“Lo strano Garage”

Chissà cosa penserebbero gli oramai 60/70 enni americani che nei medi 60, infervorati e galvanizzati dalla prima venuta di Kinks e Beatles in USA, e dal recupero delle radici nere del r'n'r, si rinchiusero nei loro garage, imbracciarono alla bene e meglio gli strumenti e crearono un “genere” musicale, se sapessero che quella loro urgenza creativa giovanile avrebbe percorso più di 40 anni di storia musicale e sarebbe non solo sopravvissuta, ma rimasta viva, vegeta e arzilla come negli ultimi anni?
Non molto, credo, visto che la lunghezza sesquipedale della mia domanda ne avrebbe probabilmente messo a dura prova la già ridotta capacità di concentrazione.

La cosa che più stupisce del garage, è l'innata capacità di rinnovarsi, soprattutto se si pensa che in sé è un genere musicale formalmente fermo alle origini del proprio concepimento. Quindi nessuno stravolgimento sostanziale nella sua evoluzione, però, nel tempo, i più avvertiti fra i coltivatori dell'orto garage han sempre cercato di guardare all'orto del vicino, mischiandolo via via con elementi diversi: negli '80 con la wave, nei 90 calzando sulla bassa fedeltà e sul recupero delle origini blues del garage, ad esempio. E nei 2000? Boh, forse è presto per dirlo, ma un gruppo come i Thee Oh Sees, e un disco come questo ultimo “Carrion Crawler/The Dream”, potrebbero essere, se non la risposta a tale domanda, almeno un indizio della direzione in cui guardare se si cerca una risposta.
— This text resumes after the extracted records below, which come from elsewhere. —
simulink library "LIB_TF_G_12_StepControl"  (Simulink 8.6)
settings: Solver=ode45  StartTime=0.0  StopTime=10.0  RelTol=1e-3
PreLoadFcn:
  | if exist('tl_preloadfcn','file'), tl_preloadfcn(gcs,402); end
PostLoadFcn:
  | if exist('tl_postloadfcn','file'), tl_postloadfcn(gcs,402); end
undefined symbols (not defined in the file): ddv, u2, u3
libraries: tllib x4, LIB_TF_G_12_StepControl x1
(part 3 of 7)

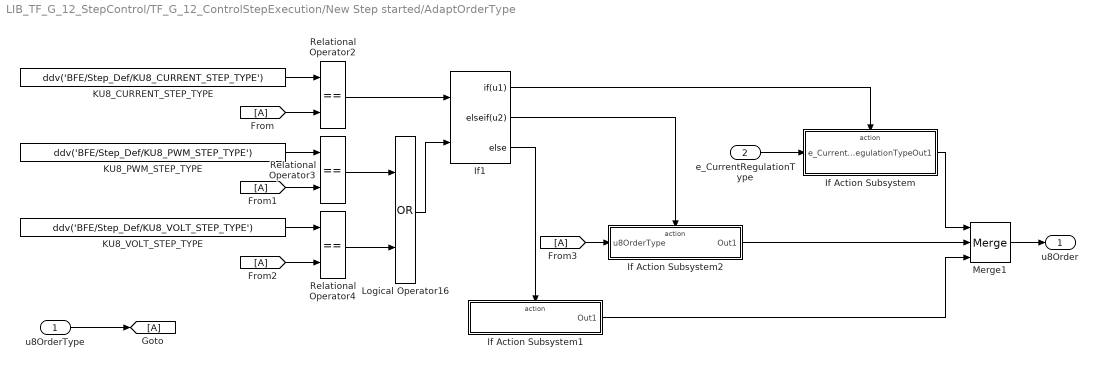
== system LIB_TF_G_12_StepControl/TF_G_12_ControlStepExecution/New Step started/AdaptOrderType ==
  u8OrderType : Inport  RequirementInfo={} %GIDa_d0932c2d_2946_4ca8_ae3e_f63aac2e144a
  e_CurrentRegulationType : Inport  RequirementInfo={} %GIDa_1019e4f9_7aa8_470e_93c0_bc7d62933626  Port=2
  If Action Subsystem : Subsystem  RequirementInfo={} %GIDa_16aa67de_e04f_4aef_8846_7bc2339db7f1  TreatAsAtomicUnit=on
  If Action Subsystem1 : Subsystem  RequirementInfo={} %GIDa_efde54be_58e1_48f4_984b_1a55cd541708  TreatAsAtomicUnit=on
  If Action Subsystem2 : Subsystem  RequirementInfo={} %GIDa_7e05d702_bec6_4133_89e3_7df1c2d817b3  TreatAsAtomicUnit=on
  If1 : If  RequirementInfo={} %GIDa_230b83ff_c373_44fd_bf0d_fc368a5a2e7f  NumInputs=2  IfExpression=u1  ElseIfExpressions=u2
  KU8_CURRENT_STEP_TYPE : Constant  RequirementInfo={} %GIDa_98379601_80fc_49bf_9245_1ac9e089f011  Value=ddv('BFE/Step_Def/KU8_CURRENT_STEP_TYPE')  OutDataTypeStr=uint8  mask(TL_Constant){data={'output',{'variable','BFE/Step_Def/KU8_CURRENT_STEP_TYPE'},'date',735951.66797598382}}
      settings: CopyFcn=if exist('tl_reset_reviewflag','file')==2,tl_reset_reviewflag(gcbh);end  DeleteFcn=if exist('delete_tlblock','file')==2,delete_tlblock(gcbh);end  NameChangeFcn=if exist('rename_tlblock','file')==2,rename_tlblock(gcbh);end  OpenFcn=if exist('tl_open_blockdlg','file')==2,tl_open_blockdlg(gcbh);else,open_system(gcbh,'parameter');end
      mask Help: eval(['if exist(''tl_online_help'',''file'') == 2, tl_online_help(''Topic'',''TL_Constant''),else, web([''jar:file:///'',matlabroot,''/help/toolbox/simulink/help.jar!/slref/' lower(get_param(gcbh,'Blocktype')) '.html''], ''-helpbrowser''),end'])
      mask Display: plot([-0.05, 1.05, NaN, -0.05, 1.05],[.01, .01, NaN, .99, .99])
  KU8_PWM_STEP_TYPE : Constant  RequirementInfo={} %GIDa_29bcd219_c5cc_40dc_ab00_ad3704692ecd  Value=ddv('BFE/Step_Def/KU8_PWM_STEP_TYPE')  OutDataTypeStr=uint8  mask(TL_Constant){data={'output',{'variable','BFE/Step_Def/KU8_PWM_STEP_TYPE'},'date',735951.66797560186}}
      settings: CopyFcn=if exist('tl_reset_reviewflag','file')==2,tl_reset_reviewflag(gcbh);end  DeleteFcn=if exist('delete_tlblock','file')==2,delete_tlblock(gcbh);end  NameChangeFcn=if exist('rename_tlblock','file')==2,rename_tlblock(gcbh);end  OpenFcn=if exist('tl_open_blockdlg','file')==2,tl_open_blockdlg(gcbh);else,open_system(gcbh,'parameter');end
      mask Help: eval(['if exist(''tl_online_help'',''file'') == 2, tl_online_help(''Topic'',''TL_Constant''),else, web([''jar:file:///'',matlabroot,''/help/toolbox/simulink/help.jar!/slref/' lower(get_param(gcbh,'Blocktype')) '.html''], ''-helpbrowser''),end'])
      mask Display: plot([-0.05, 1.05, NaN, -0.05, 1.05],[.01, .01, NaN, .99, .99])
  KU8_VOLT_STEP_TYPE : Constant  RequirementInfo={} %GIDa_f802c029_4a46_4d43_a78a_2d66bfbde5dc  Value=ddv('BFE/Step_Def/KU8_VOLT_STEP_TYPE')  OutDataTypeStr=uint8  mask(TL_Constant){data={'output',{'variable','BFE/Step_Def/KU8_VOLT_STEP_TYPE'},'date',735951.6679752199}}
      settings: CopyFcn=if exist('tl_reset_reviewflag','file')==2,tl_reset_reviewflag(gcbh);end  DeleteFcn=if exist('delete_tlblock','file')==2,delete_tlblock(gcbh);end  NameChangeFcn=if exist('rename_tlblock','file')==2,rename_tlblock(gcbh);end  OpenFcn=if exist('tl_open_blockdlg','file')==2,tl_open_blockdlg(gcbh);else,open_system(gcbh,'parameter');end
      mask Help: eval(['if exist(''tl_online_help'',''file'') == 2, tl_online_help(''Topic'',''TL_Constant''),else, web([''jar:file:///'',matlabroot,''/help/toolbox/simulink/help.jar!/slref/' lower(get_param(gcbh,'Blocktype')) '.html''], ''-helpbrowser''),end'])
      mask Display: plot([-0.05, 1.05, NaN, -0.05, 1.05],[.01, .01, NaN, .99, .99])
  Logical Operator16 : Logic  RequirementInfo={} %GIDa_b0b2f49c_87b5_4b72_83bb_2ee36afe3fae  Operator=OR  AllPortsSameDT=off  OutDataTypeStr=boolean  mask(TL_LogicalOperator){data={'date',735951.66797486111}}
      settings: DeleteFcn=if exist('delete_tlblock','file')==2,delete_tlblock(gcbh);end  NameChangeFcn=if exist('rename_tlblock','file')==2,rename_tlblock(gcbh);end  OpenFcn=if exist('tl_open_blockdlg','file')==2,tl_open_blockdlg(gcbh);else,open_system(gcbh,'parameter');end
      mask Help: eval(['if exist(''tl_online_help'',''file'') == 2, tl_online_help(''Topic'',''TL_LogicalOperator''),else, web([''jar:file:///'',matlabroot,''/help/toolbox/simulink/help.jar!/slref/' lower(get_param(gcbh,'Blocktype')) '.html''], ''-helpbrowser''),end'])
      mask Display: plot([-0.05, 1.05, NaN, -0.05, 1.05],[.01, .01, NaN, .99, .99])
  Merge1 : Merge  RequirementInfo={} %GIDa_c83b2496_f2b0_4692_be7f_77f82a802315  Inputs=3  InitialOutput=0  mask(TL_Merge){data={'output',{'name','u8NewRawOrderType'},'date',735951.66797458334}}
      settings: CopyFcn=if exist('tl_reset_reviewflag','file')==2,tl_reset_reviewflag(gcbh);end  DeleteFcn=if exist('delete_tlblock','file')==2,delete_tlblock(gcbh);end  NameChangeFcn=if exist('rename_tlblock','file')==2,rename_tlblock(gcbh);end  OpenFcn=if exist('tl_open_blockdlg','file')==2,tl_open_blockdlg(gcbh);else,open_system(gcbh,'parameter');end
      mask Help: eval(['if exist(''tl_online_help'',''file'') == 2, tl_online_help(''Topic'',''TL_Merge''),else, web([''jar:file:///'',matlabroot,''/help/toolbox/simulink/help.jar!/slref/' lower(get_param(gcbh,'Blocktype')) '.html''], ''-helpbrowser''),end'])
      mask Display: plot([-0.05, 1.05, NaN, -0.05, 1.05],[.01, .01, NaN, .99, .99])
  Relational Operator2 : RelationalOperator  RequirementInfo={} %GIDa_18ac9ebf_a7ed_4eb9_a4e9_7db870fd7569  Operator===  OutDataTypeStr=boolean  mask(TL_RelationalOperator){data={'date',735951.66797421291}}
      settings: DeleteFcn=if exist('delete_tlblock','file')==2,delete_tlblock(gcbh);end  NameChangeFcn=if exist('rename_tlblock','file')==2,rename_tlblock(gcbh);end  OpenFcn=if exist('tl_open_blockdlg','file')==2,tl_open_blockdlg(gcbh);else,open_system(gcbh,'parameter');end
      mask Help: eval(['if exist(''tl_online_help'',''file'') == 2, tl_online_help(''Topic'',''TL_RelationalOperator''),else, web([''jar:file:///'',matlabroot,''/help/toolbox/simulink/help.jar!/slref/' lower(get_param(gcbh,'Blocktype')) '.html''], ''-helpbrowser''),end'])
      mask Display: plot([-0.05, 1.05, NaN, -0.05, 1.05],[.01, .01, NaN, .99, .99])
  Relational Operator3 : RelationalOperator  RequirementInfo={} %GIDa_1f07f267_5fe9_402f_8d87_9ef376af47f7  Operator===  OutDataTypeStr=boolean  mask(TL_RelationalOperator){data={'date',735951.66797396995}}
      settings: DeleteFcn=if exist('delete_tlblock','file')==2,delete_tlblock(gcbh);end  NameChangeFcn=if exist('rename_tlblock','file')==2,rename_tlblock(gcbh);end  OpenFcn=if exist('tl_open_blockdlg','file')==2,tl_open_blockdlg(gcbh);else,open_system(gcbh,'parameter');end
      mask Help: eval(['if exist(''tl_online_help'',''file'') == 2, tl_online_help(''Topic'',''TL_RelationalOperator''),else, web([''jar:file:///'',matlabroot,''/help/toolbox/simulink/help.jar!/slref/' lower(get_param(gcbh,'Blocktype')) '.html''], ''-helpbrowser''),end'])
      mask Display: plot([-0.05, 1.05, NaN, -0.05, 1.05],[.01, .01, NaN, .99, .99])
  Relational Operator4 : RelationalOperator  RequirementInfo={} %GIDa_fd8addad_e037_4a75_aa53_445cbc8f9875  Operator===  OutDataTypeStr=boolean  mask(TL_RelationalOperator){data={'date',735951.66797372687}}
      settings: DeleteFcn=if exist('delete_tlblock','file')==2,delete_tlblock(gcbh);end  NameChangeFcn=if exist('rename_tlblock','file')==2,rename_tlblock(gcbh);end  OpenFcn=if exist('tl_open_blockdlg','file')==2,tl_open_blockdlg(gcbh);else,open_system(gcbh,'parameter');end
      mask Help: eval(['if exist(''tl_online_help'',''file'') == 2, tl_online_help(''Topic'',''TL_RelationalOperator''),else, web([''jar:file:///'',matlabroot,''/help/toolbox/simulink/help.jar!/slref/' lower(get_param(gcbh,'Blocktype')) '.html''], ''-helpbrowser''),end'])
      mask Display: plot([-0.05, 1.05, NaN, -0.05, 1.05],[.01, .01, NaN, .99, .99])
  u8Order : Outport  RequirementInfo={} %GIDa_7767866f_fef1_459c_9128_28c0971c6fc5
  wires:
  KU8_CURRENT_STEP_TYPE/1 -> Relational Operator2/1
  If1/1 -> If Action Subsystem/Action
  Relational Operator2/1 -> If1/1
  If1/3 -> If Action Subsystem1/Action
  KU8_PWM_STEP_TYPE/1 -> Relational Operator3/1
  KU8_VOLT_STEP_TYPE/1 -> Relational Operator4/1
  Relational Operator3/1 -> Logical Operator16/1
  Relational Operator4/1 -> Logical Operator16/2
  Logical Operator16/1 -> If1/2
  If1/2 -> If Action Subsystem2/Action
  u8OrderType/1 -> [A]
  [A] -> Relational Operator2/2
  [A] -> Relational Operator3/2
  [A] -> Relational Operator4/2
  [A] -> If Action Subsystem2/1(u8OrderType)
  If Action Subsystem2/1(Out1) -> Merge1/2
  If Action Subsystem1/1(Out1) -> Merge1/3
  If Action Subsystem/1(Out1) -> Merge1/1
  Merge1/1 -> u8Order/1
  e_CurrentRegulationType/1 -> If Action Subsystem/1(e_CurrentRegulationType)

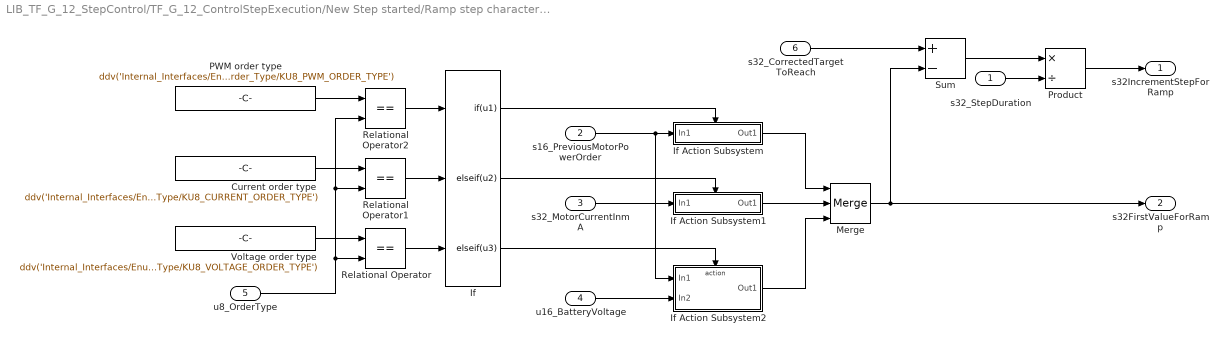
== system LIB_TF_G_12_StepControl/TF_G_12_ControlStepExecution/New Step started/Ramp step characteristics computation ==
  s32_StepDuration : Inport
  s16_PreviousMotorPowerOrder : Inport  Port=2
  s32_MotorCurrentInmA : Inport  Port=3
  u16_BatteryVoltage : Inport  Port=4
  u8_OrderType : Inport  Port=5
  s32_CorrectedTargetToReach : Inport  Port=6
  Current order type : Constant  Value=ddv('Internal_Interfaces/Enumerated_values/Step_Order_Type/KU8_CURRENT_ORDER_TYPE')  mask(TL_Constant){data={'output',{'variable','Internal_Interfaces/Enumerated_values/Step_Order_Type/KU8_CURRENT_ORDER_TYPE'},'date',735951.66797346063}}
      settings: CopyFcn=if exist('tl_reset_reviewflag','file')==2,tl_reset_reviewflag(gcbh);end  DeleteFcn=if exist('delete_tlblock','file')==2,delete_tlblock(gcbh);end  NameChangeFcn=if exist('rename_tlblock','file')==2,rename_tlblock(gcbh);end  OpenFcn=if exist('tl_open_blockdlg','file')==2,tl_open_blockdlg(gcbh);else,open_system(gcbh,'parameter');end
      mask Help: eval(['if exist(''tl_online_help'',''file'') == 2, tl_online_help(''Topic'',''TL_Constant''),else, web([''jar:file:///'',matlabroot,''/help/toolbox/simulink/help.jar!/slref/' lower(get_param(gcbh,'Blocktype')) '.html''], ''-helpbrowser''),end'])
      mask Display: plot([-0.05, 1.05, NaN, -0.05, 1.05],[.01, .01, NaN, .99, .99])
  If : If  NumInputs=3  IfExpression=u1  ElseIfExpressions=u2,u3  ShowElse=off
  If Action Subsystem : Subsystem  TreatAsAtomicUnit=on
  If Action Subsystem1 : Subsystem  TreatAsAtomicUnit=on
  If Action Subsystem2 : Subsystem  TreatAsAtomicUnit=on
  Merge : Merge  Inputs=3  InitialOutput=0  mask(TL_Merge){data={'output',{'name','s32FirstValueForRampStep'},'date',735951.66796866897}}
      settings: CopyFcn=if exist('tl_reset_reviewflag','file')==2,tl_reset_reviewflag(gcbh);end  DeleteFcn=if exist('delete_tlblock','file')==2,delete_tlblock(gcbh);end  NameChangeFcn=if exist('rename_tlblock','file')==2,rename_tlblock(gcbh);end  OpenFcn=if exist('tl_open_blockdlg','file')==2,tl_open_blockdlg(gcbh);else,open_system(gcbh,'parameter');end
      mask Help: eval(['if exist(''tl_online_help'',''file'') == 2, tl_online_help(''Topic'',''TL_Merge''),else, web([''jar:file:///'',matlabroot,''/help/toolbox/simulink/help.jar!/slref/' lower(get_param(gcbh,'Blocktype')) '.html''], ''-helpbrowser''),end'])
      mask Display: plot([-0.05, 1.05, NaN, -0.05, 1.05],[.01, .01, NaN, .99, .99])
  PWM order type : Constant  Value=ddv('Internal_Interfaces/Enumerated_values/Step_Order_Type/KU8_PWM_ORDER_TYPE')  mask(TL_Constant){data={'output',{'variable','Internal_Interfaces/Enumerated_values/Step_Order_Type/KU8_PWM_ORDER_TYPE'},'date',735951.66796828702}}
      settings: CopyFcn=if exist('tl_reset_reviewflag','file')==2,tl_reset_reviewflag(gcbh);end  DeleteFcn=if exist('delete_tlblock','file')==2,delete_tlblock(gcbh);end  NameChangeFcn=if exist('rename_tlblock','file')==2,rename_tlblock(gcbh);end  OpenFcn=if exist('tl_open_blockdlg','file')==2,tl_open_blockdlg(gcbh);else,open_system(gcbh,'parameter');end
      mask Help: eval(['if exist(''tl_online_help'',''file'') == 2, tl_online_help(''Topic'',''TL_Constant''),else, web([''jar:file:///'',matlabroot,''/help/toolbox/simulink/help.jar!/slref/' lower(get_param(gcbh,'Blocktype')) '.html''], ''-helpbrowser''),end'])
      mask Display: plot([-0.05, 1.05, NaN, -0.05, 1.05],[.01, .01, NaN, .99, .99])
  Product : Product  Inputs=*/  OutDataTypeStr=int32  RndMeth=Zero  mask(TL_Product){data={'output',{'name','s32IncrementForRampStep','type','Int32'},'exceptionhandling',0,'date',735951.66796789353}}
      settings: CopyFcn=if exist('tl_reset_reviewflag','file')==2,tl_reset_reviewflag(gcbh);end  DeleteFcn=if exist('delete_tlblock','file')==2,delete_tlblock(gcbh);end  NameChangeFcn=if exist('rename_tlblock','file')==2,rename_tlblock(gcbh);end  OpenFcn=if exist('tl_open_blockdlg','file')==2,tl_open_blockdlg(gcbh);else,open_system(gcbh,'parameter');end
      mask Help: eval(['if exist(''tl_online_help'',''file'') == 2, tl_online_help(''Topic'',''TL_Product''),else, web([''jar:file:///'',matlabroot,''/help/toolbox/simulink/help.jar!/slref/' lower(get_param(gcbh,'Blocktype')) '.html''], ''-helpbrowser''),end'])
      mask Display: plot([-0.05, 1.05, NaN, -0.05, 1.05],[.01, .01, NaN, .99, .99])
  Relational Operator : RelationalOperator  Operator===  OutDataTypeStr=boolean  mask(TL_RelationalOperator){data={'date',735951.66796754627}}
      settings: DeleteFcn=if exist('delete_tlblock','file')==2,delete_tlblock(gcbh);end  NameChangeFcn=if exist('rename_tlblock','file')==2,rename_tlblock(gcbh);end  OpenFcn=if exist('tl_open_blockdlg','file')==2,tl_open_blockdlg(gcbh);else,open_system(gcbh,'parameter');end
      mask Help: eval(['if exist(''tl_online_help'',''file'') == 2, tl_online_help(''Topic'',''TL_RelationalOperator''),else, web([''jar:file:///'',matlabroot,''/help/toolbox/simulink/help.jar!/slref/' lower(get_param(gcbh,'Blocktype')) '.html''], ''-helpbrowser''),end'])
      mask Display: plot([-0.05, 1.05, NaN, -0.05, 1.05],[.01, .01, NaN, .99, .99])
  Relational Operator1 : RelationalOperator  Operator===  OutDataTypeStr=boolean  mask(TL_RelationalOperator){data={'date',735951.66796729167}}
      settings: DeleteFcn=if exist('delete_tlblock','file')==2,delete_tlblock(gcbh);end  NameChangeFcn=if exist('rename_tlblock','file')==2,rename_tlblock(gcbh);end  OpenFcn=if exist('tl_open_blockdlg','file')==2,tl_open_blockdlg(gcbh);else,open_system(gcbh,'parameter');end
      mask Help: eval(['if exist(''tl_online_help'',''file'') == 2, tl_online_help(''Topic'',''TL_RelationalOperator''),else, web([''jar:file:///'',matlabroot,''/help/toolbox/simulink/help.jar!/slref/' lower(get_param(gcbh,'Blocktype')) '.html''], ''-helpbrowser''),end'])
      mask Display: plot([-0.05, 1.05, NaN, -0.05, 1.05],[.01, .01, NaN, .99, .99])
  Relational Operator2 : RelationalOperator  Operator===  OutDataTypeStr=boolean  mask(TL_RelationalOperator){data={'date',735951.66796704859}}
      settings: DeleteFcn=if exist('delete_tlblock','file')==2,delete_tlblock(gcbh);end  NameChangeFcn=if exist('rename_tlblock','file')==2,rename_tlblock(gcbh);end  OpenFcn=if exist('tl_open_blockdlg','file')==2,tl_open_blockdlg(gcbh);else,open_system(gcbh,'parameter');end
      mask Help: eval(['if exist(''tl_online_help'',''file'') == 2, tl_online_help(''Topic'',''TL_RelationalOperator''),else, web([''jar:file:///'',matlabroot,''/help/toolbox/simulink/help.jar!/slref/' lower(get_param(gcbh,'Blocktype')) '.html''], ''-helpbrowser''),end'])
      mask Display: plot([-0.05, 1.05, NaN, -0.05, 1.05],[.01, .01, NaN, .99, .99])
  Sum : Sum  Inputs=+-  mask(TL_Sum){data={'output',{'type','Int32'},'date',735951.66796678246}}
      settings: CopyFcn=if exist('tl_reset_reviewflag','file')==2,tl_reset_reviewflag(gcbh);end  DeleteFcn=if exist('delete_tlblock','file')==2,delete_tlblock(gcbh);end  NameChangeFcn=if exist('rename_tlblock','file')==2,rename_tlblock(gcbh);end  OpenFcn=if exist('tl_open_blockdlg','file')==2,tl_open_blockdlg(gcbh);else,open_system(gcbh,'parameter');end
      mask Help: eval(['if exist(''tl_online_help'',''file'') == 2, tl_online_help(''Topic'',''TL_Sum''),else, web([''jar:file:///'',matlabroot,''/help/toolbox/simulink/help.jar!/slref/' lower(get_param(gcbh,'Blocktype')) '.html''], ''-helpbrowser''),end'])
      mask Display: plot([-0.05, 1.05, NaN, -0.05, 1.05],[.01, .01, NaN, .99, .99])
  Voltage order type : Constant  Value=ddv('Internal_Interfaces/Enumerated_values/Step_Order_Type/KU8_VOLTAGE_ORDER_TYPE')  mask(TL_Constant){data={'output',{'variable','Internal_Interfaces/Enumerated_values/Step_Order_Type/KU8_VOLTAGE_ORDER_TYPE'},'date',735951.6679664352}}
      settings: CopyFcn=if exist('tl_reset_reviewflag','file')==2,tl_reset_reviewflag(gcbh);end  DeleteFcn=if exist('delete_tlblock','file')==2,delete_tlblock(gcbh);end  NameChangeFcn=if exist('rename_tlblock','file')==2,rename_tlblock(gcbh);end  OpenFcn=if exist('tl_open_blockdlg','file')==2,tl_open_blockdlg(gcbh);else,open_system(gcbh,'parameter');end
      mask Help: eval(['if exist(''tl_online_help'',''file'') == 2, tl_online_help(''Topic'',''TL_Constant''),else, web([''jar:file:///'',matlabroot,''/help/toolbox/simulink/help.jar!/slref/' lower(get_param(gcbh,'Blocktype')) '.html''], ''-helpbrowser''),end'])
      mask Display: plot([-0.05, 1.05, NaN, -0.05, 1.05],[.01, .01, NaN, .99, .99])
  s32IncrementStepForRamp : Outport
  s32FirstValueForRamp : Outport  Port=2
  wires:
  Voltage order type/1 -> Relational Operator/1
  Current order type/1 -> Relational Operator1/1
  PWM order type/1 -> Relational Operator2/1
  u8_OrderType/1 -> Relational Operator/2, Relational Operator1/2, Relational Operator2/2
  Relational Operator2/1 -> If/1
  Relational Operator1/1 -> If/2
  Relational Operator/1 -> If/3
  If/1 -> If Action Subsystem/Action
  s16_PreviousMotorPowerOrder/1 -> If Action Subsystem/1(In1), If Action Subsystem2/1(In1)
  s32_MotorCurrentInmA/1 -> If Action Subsystem1/1(In1)
  If/2 -> If Action Subsystem1/Action
  If/3 -> If Action Subsystem2/Action
  u16_BatteryVoltage/1 -> If Action Subsystem2/2(In2)
  If Action Subsystem/1(Out1) -> Merge/1
  If Action Subsystem1/1(Out1) -> Merge/2
  If Action Subsystem2/1(Out1) -> Merge/3
  Merge/1 -> s32FirstValueForRamp/1, Sum/2
  s32_CorrectedTargetToReach/1 -> Sum/1
  Sum/1 -> Product/1
  Product/1 -> s32IncrementStepForRamp/1
  s32_StepDuration/1 -> Product/2

== system LIB_TF_G_12_StepControl/TF_G_12_ControlStepExecution/New Step started/RescaleStepDuration ==
  u16Time : Inport  RequirementInfo={} %GIDa_7ed774dc_7342_452f_a0c9_75f50665b992
  Constant : Constant  RequirementInfo={} %GIDa_5b829873_6cd2_402b_a0cb_d7ea2bf2d5e1  Value=ddv('Sampling_Freq/KUS_MOTOR_PERIOD')  OutDataTypeStr=uint16  mask(TL_Constant){data={'output',{'variable','Sampling_Freq/KUS_MOTOR_PERIOD'},'date',735951.66796605324}}
      settings: CopyFcn=if exist('tl_reset_reviewflag','file')==2,tl_reset_reviewflag(gcbh);end  DeleteFcn=if exist('delete_tlblock','file')==2,delete_tlblock(gcbh);end  NameChangeFcn=if exist('rename_tlblock','file')==2,rename_tlblock(gcbh);end  OpenFcn=if exist('tl_open_blockdlg','file')==2,tl_open_blockdlg(gcbh);else,open_system(gcbh,'parameter');end
      mask Help: eval(['if exist(''tl_online_help'',''file'') == 2, tl_online_help(''Topic'',''TL_Constant''),else, web([''jar:file:///'',matlabroot,''/help/toolbox/simulink/help.jar!/slref/' lower(get_param(gcbh,'Blocktype')) '.html''], ''-helpbrowser''),end'])
      mask Display: plot([-0.05, 1.05, NaN, -0.05, 1.05],[.01, .01, NaN, .99, .99])
  Constant1 : Constant  RequirementInfo={} %GIDa_4a578cf0_e6d7_4c27_85f7_4ca2cc919af8  Value=ddv('Sampling_Freq/KUS_STEP_SELECTION_PERIOD')  OutDataTypeStr=uint16  mask(TL_Constant){data={'output',{'variable','Sampling_Freq/KUS_STEP_SELECTION_PERIOD'},'date',735951.66796567128}}
      settings: CopyFcn=if exist('tl_reset_reviewflag','file')==2,tl_reset_reviewflag(gcbh);end  DeleteFcn=if exist('delete_tlblock','file')==2,delete_tlblock(gcbh);end  NameChangeFcn=if exist('rename_tlblock','file')==2,rename_tlblock(gcbh);end  OpenFcn=if exist('tl_open_blockdlg','file')==2,tl_open_blockdlg(gcbh);else,open_system(gcbh,'parameter');end
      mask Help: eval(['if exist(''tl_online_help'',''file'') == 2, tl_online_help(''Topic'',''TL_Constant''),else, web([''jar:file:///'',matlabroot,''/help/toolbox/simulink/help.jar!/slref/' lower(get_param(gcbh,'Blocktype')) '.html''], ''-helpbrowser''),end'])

Esce per la In The Red, culla del garage fra 90 e anni '00, il terzo disco in un anno e mezzo della combriccola di californiani sballati capitanata da John Dwyer (in precedenza Coachwhips e altri gruppi sgangherati), prolifico musicista e mentore anche di giovani leve dell'undergound di Frisco, come Ty Segall e Mikal Cronin. Chi ha voglia e tempo, recuperi la produzione precedente degli Oh Sees, la qualità media è sempre alta, e ce n'è per tutti i gusti. Ma tutti, e ripeto tutti, gli amanti del garage dovrebbero dare almeno un ascolto a questo disco qui. Perchè qui c'è una idea ampia e “nuova” di garage che non può non far godere sia vecchi che nuovi fan di tali sonorità.
Sezione ritmica a due batterie (si lo so Mick Collins e i suoi Dirtbombs lo fanno da 15 anni, ma qui è diverso), canzoni in media oltre i 4/5 minuti, ritmiche cavernicole come d'ordinanza, ma sparate a mille su una autobahn mentale insieme a Neu, Kraftwerk, che parte da Frisco per arrivare a Norimberga. Questo l'effetto di una bomba kraut'n'roll come “The Dream”. E come definire “Contraption/Soul Desert”? Una specie di “Baby Please Don't Go” suonata nelle fonderie di Dresda, ecco cosa sembra. In mezzo brani più conformi alla prassi garage, sia per minutaggio che per concezione (le pillole “Opposition”, “Crushed Grass” e “Wrong Idea”), ma anche nenie mezze primitive tipo “Crack In Your Eye”, o la salmodiante e fracassona “Robber Barons”. Menzione anche per l'iniziale “Carrion Crawler”, che parte dal riff di “Interstellar Overdrive” dei primi Floyd, per poi perdersi in deliri chitarristici robotico-psichedelici favolosi.